Passengers (Blu-ray)

Essentially a decent ghost story.

By Robert T. Trate     May 26, 2009

Anne Hathaway and Patrick Wilson in Passengers on Blu-ray
© Trate


It may not be the first or last thing on your mind when you board a plane but it does happen. The window cracks, the engine catches fire or a stewardess is sucked right out the door. If you have aerophobia, the fear flying, fear not because Passengers has little to do with the actual crash of an airplane. It deals more with its survivors.
Claire Summers (Anne Hathaway) is assigned as a grief counselor to the survivors of a plane crash. There are several different survivors and each is handling the situation in their own way. Eric Clark (Patrick Wilson) is the most unique and has decided to attack life and embrace each day. He quits his job, disconnects from the digital age and takes a chance by going after Claire. This is of course is against all the ethics of being a therapist but she eventually falls for his charm.
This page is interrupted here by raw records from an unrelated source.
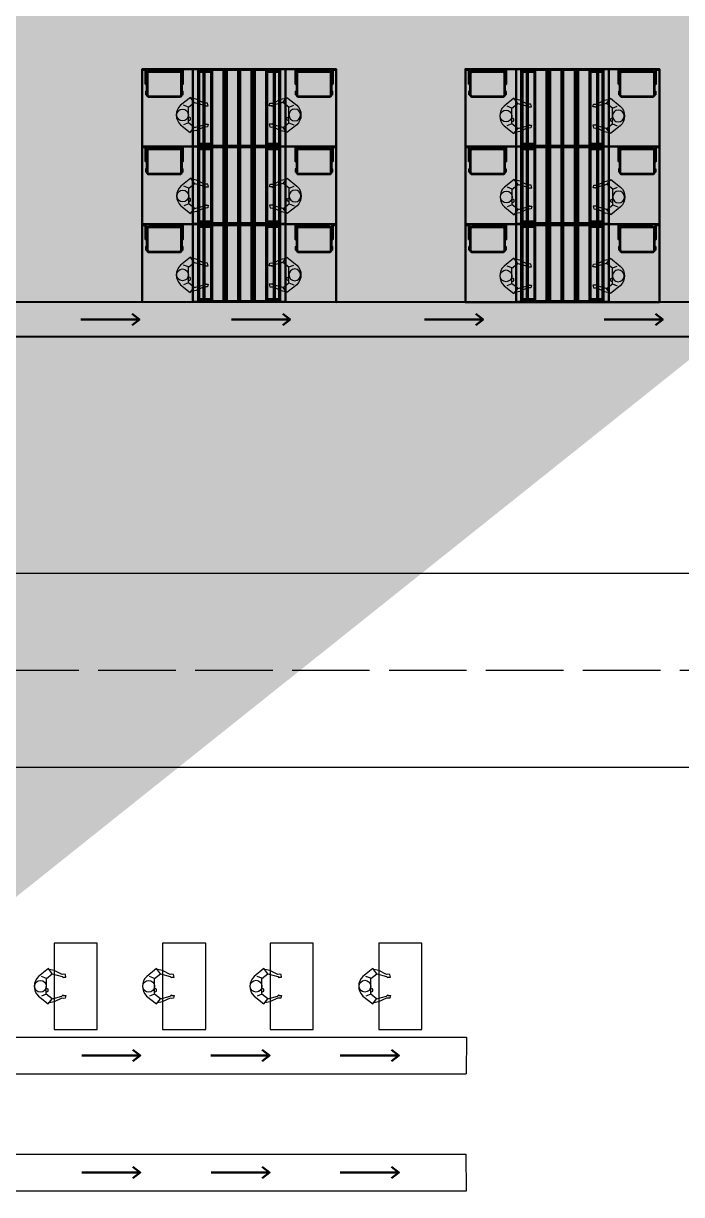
# Model space of a CAD drawing. Header units: millimetres. Extents: x -17739 to 130674, y -21116 to 94884.
# Drawn here: x 58012 to 73285, y 24726 to 51884 of the extents above; entities that cross this region are included whole.
import ezdxf

# ---------------------------------------------------------------- set-up
doc = ezdxf.new("R2010")
doc.units = ezdxf.units.MM
doc.linetypes.add('ACAD_ISO02W100', pattern=[15, 12, -3])
doc.layers.add('AM_0', color=7, linetype='Continuous', lineweight=50)
for name, color, linetype in [('Conveyor', 20, 'Continuous'), ('freecads.com', 7, 'Continuous'), ('Pathways', 50, 'ACAD_ISO02W100'), ('Workstations', 7, 'Continuous')]:
    doc.layers.add(name, color=color, linetype=linetype)
pattern_1 = [(45, (31504.4983, 30162.195), (-2.24506403, 2.24506403), [])]
pattern_2 = [(45, (31504.4983, 28355.3496), (-2.24506403, 2.24506403), [])]
pattern_3 = [(45, (31504.4983, 26560.9537), (-2.24506403, 2.24506403), [])]
pattern_4 = [(45, (39004.4983, 30162.195), (-2.24506403, 2.24506403), [])]
pattern_5 = [(45, (39004.4983, 28355.3496), (-2.24506403, 2.24506403), [])]
pattern_6 = [(45, (39004.4983, 26560.9537), (-2.24506403, 2.24506403), [])]

# ---------------------------------------------------------------- blocks, each defined once
blk = doc.blocks.new('Person Standing 002')
at = {"layer": 'freecads.com'}
for p, q in [((118348.7, 104057.2), (118283.5, 103973)), ((118366.4, 103991), (118349.1, 104032.3)), ((118499.9, 103993.1), (118515.9, 104034.9)), ((118582.8, 103977.7), (118515, 104059.8)), ((118283.5, 103973), (118327.9, 103940.4)), ((118301.4, 103923.4), (118292.4, 103964.9)), ((118335.2, 103857.4), (118300.9, 103923.4)), ((118327.9, 103940.4), (118351.8, 103857.7)), ((118328.4, 103940.5), (118366.9, 103991)), ((118366.4, 103991), (118499.4, 103993)), ((118383, 103991.2), (118391.6, 103974.7)), ((118391.6, 103974.7), (118408.2, 103975)), ((118408.2, 103975), (118416.3, 103991.7)), ((118499.4, 103993), (118539.5, 103943.8)), ((118539.5, 103943.8), (118518.1, 103860.3)), ((118534.8, 103860.5), (118567, 103927.6)), ((118539.5, 103943.8), (118582.8, 103977.7)), ((118567, 103927.6), (118574.7, 103969.3)), ((118333.4, 103845.5), (118335.2, 103857.4)), ((118335.8, 103829.4), (118333.4, 103845.5)), ((118358, 103824.3), (118335.8, 103829.4)), ((118351.8, 103857.7), (118363.6, 103846.9)), ((118363.6, 103846.9), (118357.7, 103846.2)), ((118357.7, 103846.2), (118358, 103824.3)), ((118518.1, 103860.3), (118506.7, 103849.1)), ((118506.7, 103849.1), (118512.7, 103848.7)), ((118512.7, 103848.7), (118513, 103826.8)), ((118513, 103826.8), (118535.1, 103832.5)), ((118537, 103848.7), (118534.8, 103860.5)), ((118535.1, 103832.5), (118537, 103848.7))]:
    blk.add_line(p, q, dxfattribs=at)
blk.add_circle((118432.1, 104041.9), 49.9, dxfattribs=at)
blk.add_arc((118433.1, 103980.4), 114.1, 44.11608, 137.68198, dxfattribs=at)

msp = doc.modelspace()

# ---------------------------------------------------------------- hatches: boundary and pattern name
h = msp.add_hatch()
h.set_pattern_fill('GRAVEL', color=256)
h.set_pattern_definition([(228.0127875, (-27627.5733, -20782.793), (-203.200000016, -228.599999986), [3.4172144, -338.3048364]), (184.969741, (-27629.8593, -20785.333), (304.7999998794, 25.400001447), [5.8640472, -580.540489]), (132.5104471, (-27635.7013, -20785.841), (254.000000107, -279.399999902), [4.1348152, -409.347228]), (267.273689, (-27645.6073, -20792.191), (25.400000053, 507.999999997), [5.3400452, -528.6643743]), (292.8336542, (-27645.8613, -20797.525), (-127.000000011, 304.7999999956), [5.236337, -518.3980775]), (357.273689, (-27643.8293, -20802.351), (-507.999999997, 25.400000053), [5.3400452, -528.6643743]), (37.69424047, (-27638.4953, -20802.605), (-330.1999999854, -254.000000019), [7.0619366, -699.131153]), (72.2553284, (-27632.9073, -20798.287), (177.800000048, 558.799999985), [6.6671952, -660.052566]), (121.4295656, (-27630.8753, -20791.937), (-203.200000029, 330.199999982), [5.35813, -530.455457]), (175.2363583, (-27633.6693, -20787.365), (279.399999996, -25.400000044), [6.1171328, -299.7393695]), (222.3974378, (-27639.7653, -20786.857), (-304.7999999902, -279.4000000106), [7.9107792, -783.167725]), (138.8140748, (-27620.4613, -20792.445), (-177.79999999, 152.400000012), [2.7000454, -267.3056582]), (171.4692344, (-27622.4933, -20790.667), (330.200000009, -50.799999942), [5.1368198, -508.54639]), (225, (-27627.573, -20789.905), (-4e-15, -25.4), [3.5920934, -32.328931]), (203.1985905, (-27629.3513, -20786.857), (127.000000003, 50.79999999), [1.9344132, -191.5062237]), (291.8014095, (-27631.1293, -20787.619), (-25.4, 76.2), [2.7356562, -134.04753]), (30.9637565, (-27630.1133, -20790.159), (76.2, 50.8), [4.4431966, -143.6629815]), (161.565051, (-27626.303, -20787.873), (50.8, -25.4), [3.2128714, -77.108981]), (16.3895403, (-27645.8613, -20787.619), (254, 76.2), [4.50088, -445.5882667]), (70.3461759, (-27641.5433, -20786.349), (-101.60000001, -279.399999997), [3.7759894, -373.8221568]), (293.1985905, (-27626.3033, -20782.793), (-50.79999999, 127.000000004), [3.868801, -189.571836]), (343.6104597, (-27624.7793, -20786.349), (-254.000000005, 76.199999982), [4.50088, -445.5882667]), (339.4439548, (-27645.8613, -20803.367), (-127, 50.8), [4.340352, -212.677343]), (294.7751406, (-27641.7973, -20804.891), (-127.000000151, 279.399999931), [3.6367212, -360.0359338]), (66.8014095, (-27626.0493, -20808.193), (50.79999999, 127.000000003), [3.868801, -189.571836]), (17.3540246, (-27624.5253, -20804.637), (-330.199999993, -101.600000021), [4.2578274, -421.5237598]), (69.4439548, (-27638.4953, -20808.193), (-50.8, -127), [2.170176, -214.847519]), (101.3099325, (-27627.5733, -20808.193), (-25.4, 101.6), [1.295146, -128.2199496]), (165.9637565, (-27627.827, -20806.923), (76.2, -25.4), [5.236337, -99.490546]), (186.009006, (-27632.9073, -20805.653), (253.999999999, 25.400000013), [4.85267, -480.4136486]), (303.6900675, (-27630.113, -20792.445), (-25.4, 50.8), [3.6632388, -87.9177636]), (353.1572266, (-27628.0813, -20795.493), (431.8000000027, -50.7999999774), [6.3955676, -633.1600907]), (60.9453959, (-27621.7313, -20796.255), (-101.600000003, -177.8), [2.6150824, -258.893923]), (90, (-27620.46, -20793.97), (-25.4, 25.4), [1.524, -23.876]), (120.2564372, (-27633.4153, -20804.891), (101.599999988, -177.800000007), [3.5286696, -349.3394077]), (48.0127875, (-27635.1933, -20801.843), (203.200000017, 228.599999985), [6.8344288, -334.887622]), (0, (-27630.62, -20796.763), (25.4, 25.4), [6.604, -18.796]), (325.3048465, (-27624.0173, -20796.763), (254.000000096, -177.799999863), [4.0160956, -397.5931672]), (254.054604, (-27620.7153, -20799.049), (-25.4, -101.6), [3.6982908, -181.2165004]), (207.64597536, (-27621.7313, -20802.605), (-482.600000018, -253.999999966), [6.021451, -596.1246442]), (175.42607874, (-27627.0653, -20805.399), (-330.2, 25.4), [6.3702946, -630.6584646])])
edge = h.paths.add_edge_path()
edge.add_line((-6197, -19436), (-6197, 76756))
edge.add_arc((-4197, 76756), 2000, 90, 180)
edge.add_line((-4197, 78756), (116945, 78756))
at = {"layer": 'AM_0', "true_color": 0x939598}
h = msp.add_hatch(dxfattribs=at)
h.set_pattern_fill('ANSI31', color=252, style=0)
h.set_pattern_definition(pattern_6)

No, this isn’t followed up by a Goo Goo Dolls song and the two of them don’t spend the next twenty minutes falling in love only to learn a terrible secret about one another all so that they can fall out of love and then back into it by the final reel. Passengers is not your typical romantic drama, though it certainly sounds that way.
People keep coming into Claire’s life that either want to reveal what really happened on the doomed flight or want to cover it up. Claire’s mentor Perry (Andre Braugher) tells her that her duty is to the survivors, not to investigate the crash. Again the film looks as if it could take a turn and be about a fish out of water detective putting all the pieces together to solve the mystery of this doomed flight. It isn’t. These deceptions and multiple movie genre plot points are all twists in the story to hide what type of story this film really.
If you are intrigued and want to know why a movie like this is being reviewed on a science fiction, horror fantasy site then rent Passengers. If not read on…
In the process of discovering why the plane went down several of her patients have begun to disappear. A representative from the airline (David Morse) is constantly seeking her out and stopping her from looking for them. It is here that the chips begin to fall into place. The film is a nothing more than a prequel of sorts, in story telling, to Richard Matheson’s What Dreams May Come (1998). Those that die first have to accept that they are dead and then they can begin their journey to the after life. There are several great hints that any fan of the Sixth Sense (1999) will notice but director Rodrigo García keeps you guessing as to who is actually dead.
Passengers is a film that is best discovered on late night cable. It is a great mystery supported by several fine performances. The mystery is discovering exactly what kind of movie is this; that alone what will keep you watching Passengers. It was also probably the biggest problem in the marketing of this film. Though once the real plot is exposed, Passengers will do nothing to change or invigorate the Ghost Story genre. For those fans there really isn’t anything new here.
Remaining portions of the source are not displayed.